I went through the same thing my friend and I am still going through it. U never gonna be the same nor are u gonna trust her as much as u want to even tho u really wanna trust her fully. I am currently still spying and no I am not proud of it. 

U have to try not to cause the more u spy and check up on her the more u push her away. Try a nice sit down and just start talking and let her help u understand Y she did what she did. It's gonna be tough to hear but eventually u will love her the way u used to as for the trust ... gonna take forever, my wife cheated on me 2 years ago and I forgave her but now their is a co-worker that she is very fond about and now I am back into the stalking business hahaha it is a horrible thing to do and it feels terrible doing it but curiosity takes over and my mind just goes crazy ... 

Basically the best advice I can give u is to talk about what happened and deal with it together. Don't stop talking but also don't keep bringing it up.

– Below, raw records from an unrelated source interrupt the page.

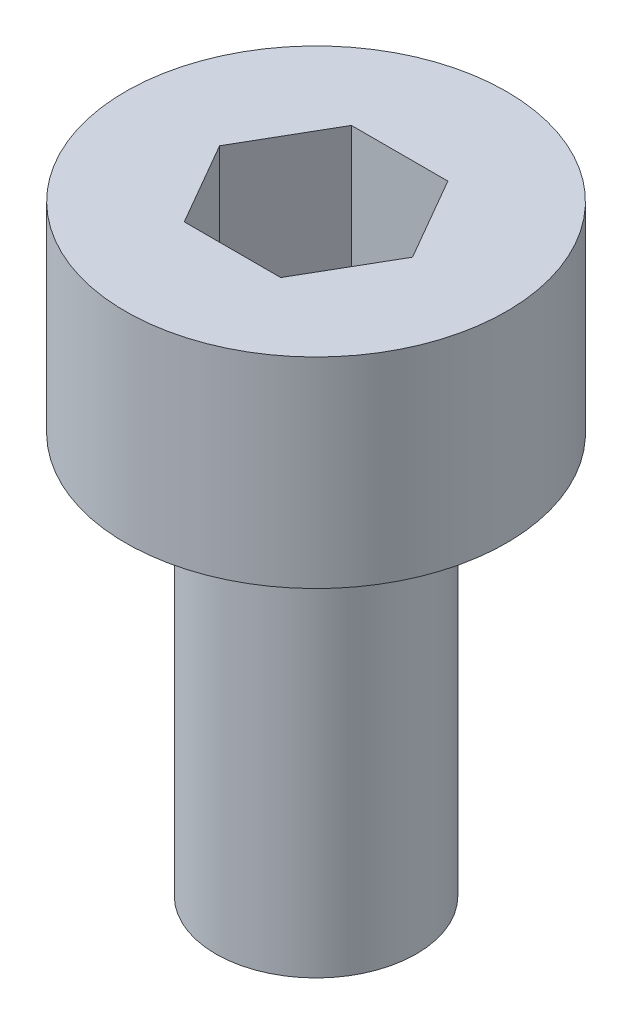
ISO-10303-21;
HEADER;
FILE_DESCRIPTION(('STEP AP214'),'2;1');
FILE_NAME('part.step','',(''),(''),'','','');
FILE_SCHEMA(('AUTOMOTIVE_DESIGN { 1 0 10303 214 1 1 1 1 }'));
ENDSEC;
DATA;
#1=APPLICATION_CONTEXT('core data for automotive mechanical design processes');
#2=APPLICATION_PROTOCOL_DEFINITION('international standard','automotive_design',2000,#1);
#3=PRODUCT_CONTEXT('',#1,'mechanical');
#4=PRODUCT('Part','Part','',(#3));
#5=PRODUCT_RELATED_PRODUCT_CATEGORY('part','',(#4));
#6=PRODUCT_DEFINITION_FORMATION('','',#4);
#7=PRODUCT_DEFINITION_CONTEXT('part definition',#1,'design');
#8=PRODUCT_DEFINITION('design','',#6,#7);
#9=PRODUCT_DEFINITION_SHAPE('','',#8);
#10=(LENGTH_UNIT() NAMED_UNIT(*) SI_UNIT(.MILLI.,.METRE.));
#11=(NAMED_UNIT(*) PLANE_ANGLE_UNIT() SI_UNIT($,.RADIAN.));
#12=(NAMED_UNIT(*) SI_UNIT($,.STERADIAN.) SOLID_ANGLE_UNIT());
#13=UNCERTAINTY_MEASURE_WITH_UNIT(LENGTH_MEASURE(1.E-05),#10,'distance_accuracy_value','');
#14=(GEOMETRIC_REPRESENTATION_CONTEXT(3) GLOBAL_UNCERTAINTY_ASSIGNED_CONTEXT((#13)) GLOBAL_UNIT_ASSIGNED_CONTEXT((#10,
#11,#12)) REPRESENTATION_CONTEXT('',''));
#15=CARTESIAN_POINT('',(0.,0.,0.));
#16=DIRECTION('',(0.,0.,1.));
#17=DIRECTION('',(1.,0.,0.));
#18=AXIS2_PLACEMENT_3D('',#15,#16,#17);
#19=CARTESIAN_POINT('',(0.,-6.,0.));
#20=DIRECTION('',(0.,-1.,0.));
#21=DIRECTION('',(0.,0.,-1.));
#22=AXIS2_PLACEMENT_3D('',#19,#20,#21);
#23=PLANE('',#22);
#24=CARTESIAN_POINT('',(0.,-6.,0.));
#25=DIRECTION('',(0.,-1.,0.));
#26=DIRECTION('',(0.,0.,-1.));
#27=AXIS2_PLACEMENT_3D('',#24,#25,#26);
#28=CIRCLE('',#27,1.5);
#29=CARTESIAN_POINT('',(0.,-6.,-1.5));
#30=VERTEX_POINT('',#29);
#31=EDGE_CURVE('E11',#30,#30,#28,.T.);
#32=ORIENTED_EDGE('',*,*,#31,.T.);
#33=EDGE_LOOP('',(#32));
#34=FACE_BOUND('',#33,.T.);
#35=ADVANCED_FACE('F36',(#34),#23,.T.);
#36=CARTESIAN_POINT('',(0.,4.,0.));
#37=DIRECTION('',(0.,-1.,0.));
#38=DIRECTION('',(0.,0.,-1.));
#39=AXIS2_PLACEMENT_3D('',#36,#37,#38);
#40=CYLINDRICAL_SURFACE('',#39,1.5);
#41=CARTESIAN_POINT('',(0.,0.,0.));
#42=DIRECTION('',(0.,-1.,0.));
#43=DIRECTION('',(0.,0.,-1.));
#44=AXIS2_PLACEMENT_3D('',#41,#42,#43);
#45=CIRCLE('',#44,1.5);
#46=CARTESIAN_POINT('',(0.,0.,-1.5));
#47=VERTEX_POINT('',#46);
#48=EDGE_CURVE('E43',#47,#47,#45,.T.);
#49=ORIENTED_EDGE('',*,*,#48,.T.);
#50=EDGE_LOOP('',(#49));
#51=FACE_BOUND('',#50,.T.);
#52=ORIENTED_EDGE('',*,*,#31,.F.);
#53=EDGE_LOOP('',(#52));
#54=FACE_BOUND('',#53,.T.);
#55=ADVANCED_FACE('F150',(#51,#54),#40,.T.);
#56=CARTESIAN_POINT('',(0.,0.,-1.5));
#57=DIRECTION('',(0.,-1.,0.));
#58=DIRECTION('',(0.,0.,-1.));
#59=AXIS2_PLACEMENT_3D('',#56,#57,#58);
#60=PLANE('',#59);
#61=CARTESIAN_POINT('',(0.,0.,0.));
#62=DIRECTION('',(0.,-1.,0.));
#63=DIRECTION('',(0.,0.,-1.));
#64=AXIS2_PLACEMENT_3D('',#61,#62,#63);
#65=CIRCLE('',#64,2.85);
#66=CARTESIAN_POINT('',(0.,0.,-2.85));
#67=VERTEX_POINT('',#66);
#68=EDGE_CURVE('E145',#67,#67,#65,.T.);
#69=ORIENTED_EDGE('',*,*,#68,.T.);
#70=EDGE_LOOP('',(#69));
#71=FACE_BOUND('',#70,.T.);
#72=ORIENTED_EDGE('',*,*,#48,.F.);
#73=EDGE_LOOP('',(#72));
#74=FACE_BOUND('',#73,.T.);
#75=ADVANCED_FACE('F153',(#71,#74),#60,.T.);
#76=CARTESIAN_POINT('',(0.,4.,0.));
#77=DIRECTION('',(0.,-1.,0.));
#78=DIRECTION('',(0.,0.,-1.));
#79=AXIS2_PLACEMENT_3D('',#76,#77,#78);
#80=CYLINDRICAL_SURFACE('',#79,2.85);
#81=CARTESIAN_POINT('',(0.,3.,0.));
#82=DIRECTION('',(0.,-1.,0.));
#83=DIRECTION('',(0.,0.,-1.));
#84=AXIS2_PLACEMENT_3D('',#81,#82,#83);
#85=CIRCLE('',#84,2.85);
#86=CARTESIAN_POINT('',(0.,3.,-2.85));
#87=VERTEX_POINT('',#86);
#88=EDGE_CURVE('E137',#87,#87,#85,.T.);
#89=ORIENTED_EDGE('',*,*,#88,.T.);
#90=EDGE_LOOP('',(#89));
#91=FACE_BOUND('',#90,.T.);
#92=ORIENTED_EDGE('',*,*,#68,.F.);
#93=EDGE_LOOP('',(#92));
#94=FACE_BOUND('',#93,.T.);
#95=ADVANCED_FACE('F155',(#91,#94),#80,.T.);
#96=CARTESIAN_POINT('',(0.,3.,-2.85));
#97=DIRECTION('',(0.,1.,0.));
#98=DIRECTION('',(0.,0.,1.));
#99=AXIS2_PLACEMENT_3D('',#96,#97,#98);
#100=PLANE('',#99);
#101=DIRECTION('',(0.5,0.,-0.866025403784439));
#102=VECTOR('',#101,1.);
#103=CARTESIAN_POINT('',(0.721687836487032,3.,1.25));
#104=LINE('',#103,#102);
#105=CARTESIAN_POINT('',(0.721687836487032,3.,1.25));
#106=VERTEX_POINT('',#105);
#107=CARTESIAN_POINT('',(1.44337567297407,3.,0.));
#108=VERTEX_POINT('',#107);
#109=EDGE_CURVE('E50',#106,#108,#104,.T.);
#110=ORIENTED_EDGE('',*,*,#109,.F.);
#111=DIRECTION('',(1.,0.,0.));
#112=VECTOR('',#111,1.);
#113=CARTESIAN_POINT('',(-0.721687836487033,3.,1.25));
#114=LINE('',#113,#112);
#115=CARTESIAN_POINT('',(-0.721687836487033,3.,1.25));
#116=VERTEX_POINT('',#115);
#117=EDGE_CURVE('E133',#116,#106,#114,.T.);
#118=ORIENTED_EDGE('',*,*,#117,.F.);
#119=DIRECTION('',(0.5,0.,0.866025403784439));
#120=VECTOR('',#119,1.);
#121=CARTESIAN_POINT('',(-1.44337567297407,3.,0.));
#122=LINE('',#121,#120);
#123=CARTESIAN_POINT('',(-1.44337567297407,3.,0.));
#124=VERTEX_POINT('',#123);
#125=EDGE_CURVE('E131',#124,#116,#122,.T.);
#126=ORIENTED_EDGE('',*,*,#125,.F.);
#127=DIRECTION('',(-0.5,0.,0.866025403784439));
#128=VECTOR('',#127,1.);
#129=CARTESIAN_POINT('',(-0.721687836487033,3.,-1.25));
#130=LINE('',#129,#128);
#131=CARTESIAN_POINT('',(-0.721687836487033,3.,-1.25));
#132=VERTEX_POINT('',#131);
#133=EDGE_CURVE('E98',#132,#124,#130,.T.);
#134=ORIENTED_EDGE('',*,*,#133,.F.);
#135=DIRECTION('',(-1.,0.,0.));
#136=VECTOR('',#135,1.);
#137=CARTESIAN_POINT('',(0.721687836487033,3.,-1.25));
#138=LINE('',#137,#136);
#139=CARTESIAN_POINT('',(0.721687836487033,3.,-1.25));
#140=VERTEX_POINT('',#139);
#141=EDGE_CURVE('E127',#140,#132,#138,.T.);
#142=ORIENTED_EDGE('',*,*,#141,.F.);
#143=DIRECTION('',(-0.5,0.,-0.866025403784439));
#144=VECTOR('',#143,1.);
#145=CARTESIAN_POINT('',(1.44337567297407,3.,0.));
#146=LINE('',#145,#144);
#147=EDGE_CURVE('E124',#108,#140,#146,.T.);
#148=ORIENTED_EDGE('',*,*,#147,.F.);
#149=EDGE_LOOP('',(#110,#118,#126,#134,#142,#148));
#150=FACE_BOUND('',#149,.T.);
#151=ORIENTED_EDGE('',*,*,#88,.F.);
#152=EDGE_LOOP('',(#151));
#153=FACE_BOUND('',#152,.T.);
#154=ADVANCED_FACE('F162',(#150,#153),#100,.T.);
#155=CARTESIAN_POINT('',(0.721687836487032,0.999999999999999,1.25));
#156=DIRECTION('',(0.866025403784439,0.,0.5));
#157=DIRECTION('',(0.5,0.,-0.866025403784439));
#158=AXIS2_PLACEMENT_3D('',#155,#156,#157);
#159=PLANE('',#158);
#160=ORIENTED_EDGE('',*,*,#109,.T.);
#161=DIRECTION('',(0.,1.,0.));
#162=VECTOR('',#161,1.);
#163=CARTESIAN_POINT('',(1.44337567297407,0.999999999999999,0.));
#164=LINE('',#163,#162);
#165=CARTESIAN_POINT('',(1.44337567297407,0.999999999999999,0.));
#166=VERTEX_POINT('',#165);
#167=EDGE_CURVE('E80',#166,#108,#164,.T.);
#168=ORIENTED_EDGE('',*,*,#167,.F.);
#169=DIRECTION('',(0.5,0.,-0.866025403784439));
#170=VECTOR('',#169,1.);
#171=CARTESIAN_POINT('',(0.721687836487032,0.999999999999999,1.25));
#172=LINE('',#171,#170);
#173=CARTESIAN_POINT('',(0.721687836487032,0.999999999999999,1.25));
#174=VERTEX_POINT('',#173);
#175=EDGE_CURVE('E135',#174,#166,#172,.T.);
#176=ORIENTED_EDGE('',*,*,#175,.F.);
#177=DIRECTION('',(0.,1.,0.));
#178=VECTOR('',#177,1.);
#179=CARTESIAN_POINT('',(0.721687836487032,0.999999999999999,1.25));
#180=LINE('',#179,#178);
#181=EDGE_CURVE('E58',#174,#106,#180,.T.);
#182=ORIENTED_EDGE('',*,*,#181,.T.);
#183=EDGE_LOOP('',(#160,#168,#176,#182));
#184=FACE_BOUND('',#183,.T.);
#185=ADVANCED_FACE('F193',(#184),#159,.F.);
#186=CARTESIAN_POINT('',(-0.721687836487033,0.999999999999999,1.25));
#187=DIRECTION('',(0.,0.,1.));
#188=DIRECTION('',(1.,0.,0.));
#189=AXIS2_PLACEMENT_3D('',#186,#187,#188);
#190=PLANE('',#189);
#191=ORIENTED_EDGE('',*,*,#117,.T.);
#192=ORIENTED_EDGE('',*,*,#181,.F.);
#193=DIRECTION('',(1.,0.,0.));
#194=VECTOR('',#193,1.);
#195=CARTESIAN_POINT('',(-0.721687836487033,0.999999999999999,1.25));
#196=LINE('',#195,#194);
#197=CARTESIAN_POINT('',(-0.721687836487033,0.999999999999999,1.25));
#198=VERTEX_POINT('',#197);
#199=EDGE_CURVE('E110',#198,#174,#196,.T.);
#200=ORIENTED_EDGE('',*,*,#199,.F.);
#201=DIRECTION('',(0.,1.,0.));
#202=VECTOR('',#201,1.);
#203=CARTESIAN_POINT('',(-0.721687836487033,0.999999999999999,1.25));
#204=LINE('',#203,#202);
#205=EDGE_CURVE('E102',#198,#116,#204,.T.);
#206=ORIENTED_EDGE('',*,*,#205,.T.);
#207=EDGE_LOOP('',(#191,#192,#200,#206));
#208=FACE_BOUND('',#207,.T.);
#209=ADVANCED_FACE('F203',(#208),#190,.F.);
#210=CARTESIAN_POINT('',(-1.44337567297407,0.999999999999999,0.));
#211=DIRECTION('',(-0.866025403784439,0.,0.5));
#212=DIRECTION('',(0.5,0.,0.866025403784439));
#213=AXIS2_PLACEMENT_3D('',#210,#211,#212);
#214=PLANE('',#213);
#215=ORIENTED_EDGE('',*,*,#125,.T.);
#216=ORIENTED_EDGE('',*,*,#205,.F.);
#217=DIRECTION('',(0.5,0.,0.866025403784439));
#218=VECTOR('',#217,1.);
#219=CARTESIAN_POINT('',(-1.44337567297407,0.999999999999999,0.));
#220=LINE('',#219,#218);
#221=CARTESIAN_POINT('',(-1.44337567297407,0.999999999999999,0.));
#222=VERTEX_POINT('',#221);
#223=EDGE_CURVE('E106',#222,#198,#220,.T.);
#224=ORIENTED_EDGE('',*,*,#223,.F.);
#225=DIRECTION('',(0.,1.,0.));
#226=VECTOR('',#225,1.);
#227=CARTESIAN_POINT('',(-1.44337567297407,0.999999999999999,0.));
#228=LINE('',#227,#226);
#229=EDGE_CURVE('E91',#222,#124,#228,.T.);
#230=ORIENTED_EDGE('',*,*,#229,.T.);
#231=EDGE_LOOP('',(#215,#216,#224,#230));
#232=FACE_BOUND('',#231,.T.);
#233=ADVANCED_FACE('F107',(#232),#214,.F.);
#234=CARTESIAN_POINT('',(-0.721687836487033,0.999999999999999,-1.25));
#235=DIRECTION('',(-0.866025403784439,0.,-0.5));
#236=DIRECTION('',(-0.5,0.,0.866025403784439));
#237=AXIS2_PLACEMENT_3D('',#234,#235,#236);
#238=PLANE('',#237);
#239=ORIENTED_EDGE('',*,*,#133,.T.);
#240=ORIENTED_EDGE('',*,*,#229,.F.);
#241=DIRECTION('',(-0.5,0.,0.866025403784439));
#242=VECTOR('',#241,1.);
#243=CARTESIAN_POINT('',(-0.721687836487033,0.999999999999999,-1.25));
#244=LINE('',#243,#242);
#245=CARTESIAN_POINT('',(-0.721687836487033,0.999999999999999,-1.25));
#246=VERTEX_POINT('',#245);
#247=EDGE_CURVE('E95',#246,#222,#244,.T.);
#248=ORIENTED_EDGE('',*,*,#247,.F.);
#249=DIRECTION('',(0.,1.,0.));
#250=VECTOR('',#249,1.);
#251=CARTESIAN_POINT('',(-0.721687836487033,0.999999999999999,-1.25));
#252=LINE('',#251,#250);
#253=EDGE_CURVE('E103',#246,#132,#252,.T.);
#254=ORIENTED_EDGE('',*,*,#253,.T.);
#255=EDGE_LOOP('',(#239,#240,#248,#254));
#256=FACE_BOUND('',#255,.T.);
#257=ADVANCED_FACE('F93',(#256),#238,.F.);
#258=CARTESIAN_POINT('',(0.721687836487033,0.999999999999999,-1.25));
#259=DIRECTION('',(0.,0.,-1.));
#260=DIRECTION('',(-1.,0.,0.));
#261=AXIS2_PLACEMENT_3D('',#258,#259,#260);
#262=PLANE('',#261);
#263=ORIENTED_EDGE('',*,*,#141,.T.);
#264=ORIENTED_EDGE('',*,*,#253,.F.);
#265=DIRECTION('',(-1.,0.,0.));
#266=VECTOR('',#265,1.);
#267=CARTESIAN_POINT('',(0.721687836487033,0.999999999999999,-1.25));
#268=LINE('',#267,#266);
#269=CARTESIAN_POINT('',(0.721687836487033,0.999999999999999,-1.25));
#270=VERTEX_POINT('',#269);
#271=EDGE_CURVE('E116',#270,#246,#268,.T.);
#272=ORIENTED_EDGE('',*,*,#271,.F.);
#273=DIRECTION('',(0.,1.,0.));
#274=VECTOR('',#273,1.);
#275=CARTESIAN_POINT('',(0.721687836487033,0.999999999999999,-1.25));
#276=LINE('',#275,#274);
#277=EDGE_CURVE('E140',#270,#140,#276,.T.);
#278=ORIENTED_EDGE('',*,*,#277,.T.);
#279=EDGE_LOOP('',(#263,#264,#272,#278));
#280=FACE_BOUND('',#279,.T.);
#281=ADVANCED_FACE('F228',(#280),#262,.F.);
#282=CARTESIAN_POINT('',(1.44337567297407,0.999999999999999,0.));
#283=DIRECTION('',(0.866025403784439,0.,-0.5));
#284=DIRECTION('',(-0.5,0.,-0.866025403784439));
#285=AXIS2_PLACEMENT_3D('',#282,#283,#284);
#286=PLANE('',#285);
#287=ORIENTED_EDGE('',*,*,#147,.T.);
#288=ORIENTED_EDGE('',*,*,#277,.F.);
#289=DIRECTION('',(-0.5,0.,-0.866025403784439));
#290=VECTOR('',#289,1.);
#291=CARTESIAN_POINT('',(1.44337567297407,0.999999999999999,0.));
#292=LINE('',#291,#290);
#293=EDGE_CURVE('E118',#166,#270,#292,.T.);
#294=ORIENTED_EDGE('',*,*,#293,.F.);
#295=ORIENTED_EDGE('',*,*,#167,.T.);
#296=EDGE_LOOP('',(#287,#288,#294,#295));
#297=FACE_BOUND('',#296,.T.);
#298=ADVANCED_FACE('F237',(#297),#286,.F.);
#299=CARTESIAN_POINT('',(0.,0.999999999999999,0.));
#300=DIRECTION('',(0.,1.,0.));
#301=DIRECTION('',(0.,0.,1.));
#302=AXIS2_PLACEMENT_3D('',#299,#300,#301);
#303=PLANE('',#302);
#304=ORIENTED_EDGE('',*,*,#175,.T.);
#305=ORIENTED_EDGE('',*,*,#293,.T.);
#306=ORIENTED_EDGE('',*,*,#271,.T.);
#307=ORIENTED_EDGE('',*,*,#247,.T.);
#308=ORIENTED_EDGE('',*,*,#223,.T.);
#309=ORIENTED_EDGE('',*,*,#199,.T.);
#310=EDGE_LOOP('',(#304,#305,#306,#307,#308,#309));
#311=FACE_BOUND('',#310,.T.);
#312=ADVANCED_FACE('F113',(#311),#303,.T.);
#313=CLOSED_SHELL('',(#35,#55,#75,#95,#154,#185,#209,#233,#257,#281,#298,#312));
#314=MANIFOLD_SOLID_BREP('B2',#313);
#315=ADVANCED_BREP_SHAPE_REPRESENTATION('',(#18,#314),#14);
#316=SHAPE_DEFINITION_REPRESENTATION(#9,#315);
ENDSEC;
END-ISO-10303-21;

It hurts her just as much as it hurts u.


----------



## pinkprincess (Jun 10, 2008)

zato i like your advise you make some great points about a nice sit down and chat, anyone that has been cheated on (speaking from experience) will always find it hard to trust again and once that bond is broken sadly your mind will never o back to where it was to start with... 
Stalking is not ok though guys....what gives someone the right to spy on someone else? if it was tru love and meant to be there would be total trust and that would be enough..
How stupis are you going to feel when you get causgt out spying and checking up on your SO when it turns out there is nothing going on and there is only you in the relationship left?


----------



## swedish (Mar 6, 2008)

In my opinion, if a spouse cheated it is their responsibility to live open book, share passwords, and basically let the betrayed spouse do what they need to in order to rebuild the trust. That would be the ideal scenario, where the spouse knows about the snooping and is willing to be open to that until trust is rebuilt. If they are angry or resistant due to privacy issues, I would be leary whether they really wanted to regain my trust.


----------